The message was conveyed, to another round of squeals and thumps, before Toni came back.
“Right, well, we’re on the road now, so—perhaps an three quarters of an hour or so?”
Which meant about an hour and a half. I was never in what time zone Toni operated, but it must be really quite fun.
“Great,” I said, looking at Mitch. “Would you like me to have anything ready for you.” He nodded forcefully.
“Oh, you don’t have to! That would be lovely!” Ah, the fatal challenge of contradictions.
“Great,” I said again. “It’ll be a pleasure.”
We bantered for a bit, during which I watched the minute hand on the clock on the wall spin faster and faster. When Toni was done telling me about the trees they were passing and cows grazing on the field, I was down to one hour and ten minutes.
“You blinking liar,” Mitch said flatly when I finally closed the phone.
“What?”
“It’ll be a pleasure’. What, pray tell, are you going to whip up?
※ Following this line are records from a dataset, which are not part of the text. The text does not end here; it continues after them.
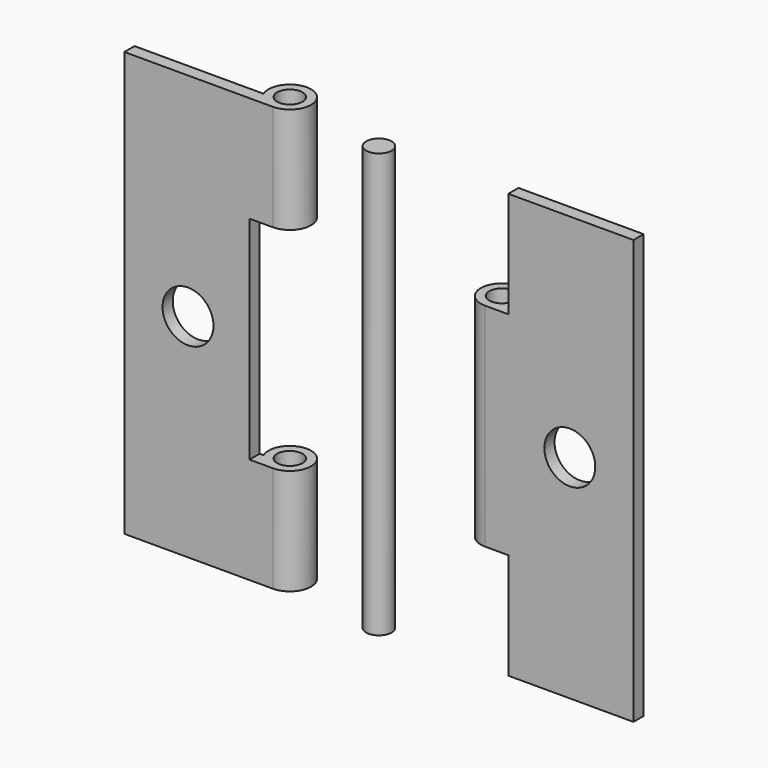
from build123d import *

# Parameters (mm, degrees)
F1_R      = 5
F1_R_2    = 3
F2_DEPTH  = 50
F4_W      = 3
F4_H      = 100
F0_R      = 6
F6_DEPTH  = 3
F0_W      = 5.5
F0_H      = 50
F7_DEPTH  = 11
F10_R     = 5
F10_R_2   = 3
F11_DEPTH = 50
F13_W     = 3
F13_H     = 100
F9_R      = 6
F15_DEPTH = 3
F9_W      = 5.5
F9_H      = 25
F16_DEPTH = 11
F18_R     = 3
F19_DEPTH = 50


with BuildPart() as f2:
    # F1 (on Top) → F2 (new body, symmetric)
    with BuildSketch(Plane.XY):
        with Locations((0, 5)):
            Circle(F1_R)
        with Locations((0, 5)):
            Circle(F1_R_2, mode=Mode.SUBTRACT)
    extrude(amount=F2_DEPTH, both=True)

    # F4 (on offset) → F5 (join, up to the next surface of F2)
    with BuildSketch(Plane.YZ.offset(-35)):
        with Locations((1.5, 0)):
            Rectangle(F4_W, F4_H)
    extrude(until=Until.NEXT)

    # F0 (on Front) → F6 (cut, through all)
    with BuildSketch(Plane.XZ):
        with Locations((-20, 0)):
            Circle(F0_R)
    extrude(amount=-F6_DEPTH, mode=Mode.SUBTRACT)

    # F0 (on Front) → F7 (cut)
    with BuildSketch(Plane.XZ):
        with Locations((2.75, 0)):
            Rectangle(F0_W, F0_H)
        with Locations((-2.75, 0)):
            Rectangle(F0_W, F0_H)
    extrude(amount=-F7_DEPTH, mode=Mode.SUBTRACT)


with BuildPart() as f11:
    # F10 (on Top) → F11 (new body, symmetric)
    with BuildSketch(Plane.XY):
        with Locations((50.0151987175, 4.9999768998)):
            Circle(F10_R)
        with Locations((50.0151987175, 4.9999768998)):
            Circle(F10_R_2, mode=Mode.SUBTRACT)
    extrude(amount=F11_DEPTH, both=True)

    # F13 (on offset) → F14 (join, up to the next surface of F11)
    with BuildSketch(Plane.YZ.offset(85)):
        with Locations((1.5, 0)):
            Rectangle(F13_W, F13_H)
    extrude(until=Until.NEXT, dir=(-1, 0, 0))

    # F9 (on Front) → F15 (cut, through all)
    with BuildSketch(Plane.XZ):
        with Locations((70, 0)):
            Circle(F9_R)
    extrude(amount=-F15_DEPTH, mode=Mode.SUBTRACT)

    # F9 (on Front) → F16 (cut)
    with BuildSketch(Plane.XZ):
        with Locations((47.25, -37.5)):
            Rectangle(F9_W, F9_H)
        with Locations((47.25, 37.5)):
            Rectangle(F9_W, F9_H)
        with Locations((52.75, 37.5)):
            Rectangle(F9_W, F9_H)
        with Locations((52.75, -37.5)):
            Rectangle(F9_W, F9_H)
    extrude(amount=-F16_DEPTH, mode=Mode.SUBTRACT)


with BuildPart() as f19:
    # F18 (on Top) → F19 (new body, symmetric)
    with BuildSketch(Plane.XY):
        with Locations((25, 0)):
            Circle(F18_R)
    extrude(amount=F19_DEPTH, both=True)


solid = Compound([f2.part, f11.part, f19.part])

A nice bowl of Frosties? Some apples and yogurt? Because I think that’s the extent of your pantry, Friend-O.”
“Shit.” He was right, of course. Flingpot has consumed the last of my groceries. I eyed the clock again and sighed.
“We’ll have to hit the Farmer’s Market,” I said, more to myself than to Mitch. “And I’m sure Sergey’s open by now. I’ll get some bread and something fattening and call it a day.”
“What is this ‘we’ all about?”
“Do you want to eat today?”
“Not if the little people are going to be here.” He grimaced. “I don’t do the little people.”
“Excellent,” I said, trying very hard not to laugh. “I’ll just tell them you’re my imaginary friend.”
“Works for me.”
And, thus liberated from a day of book-buying, Mitch stood, swung his arms until his sweater released his hands, and headed back home. Before descending the basement steps, he turned and nearly slammed my head with the door.
“Umm…oops. Anyway, bring those stories to Sergey. See what he says.”
“Good idea.” I said, stopping the mad whirlwind of cleaning and clearing.
“But take a shower first, ok?”
“Wherever would I be without you?” I replied dryly and ran upstairs to the bathroom.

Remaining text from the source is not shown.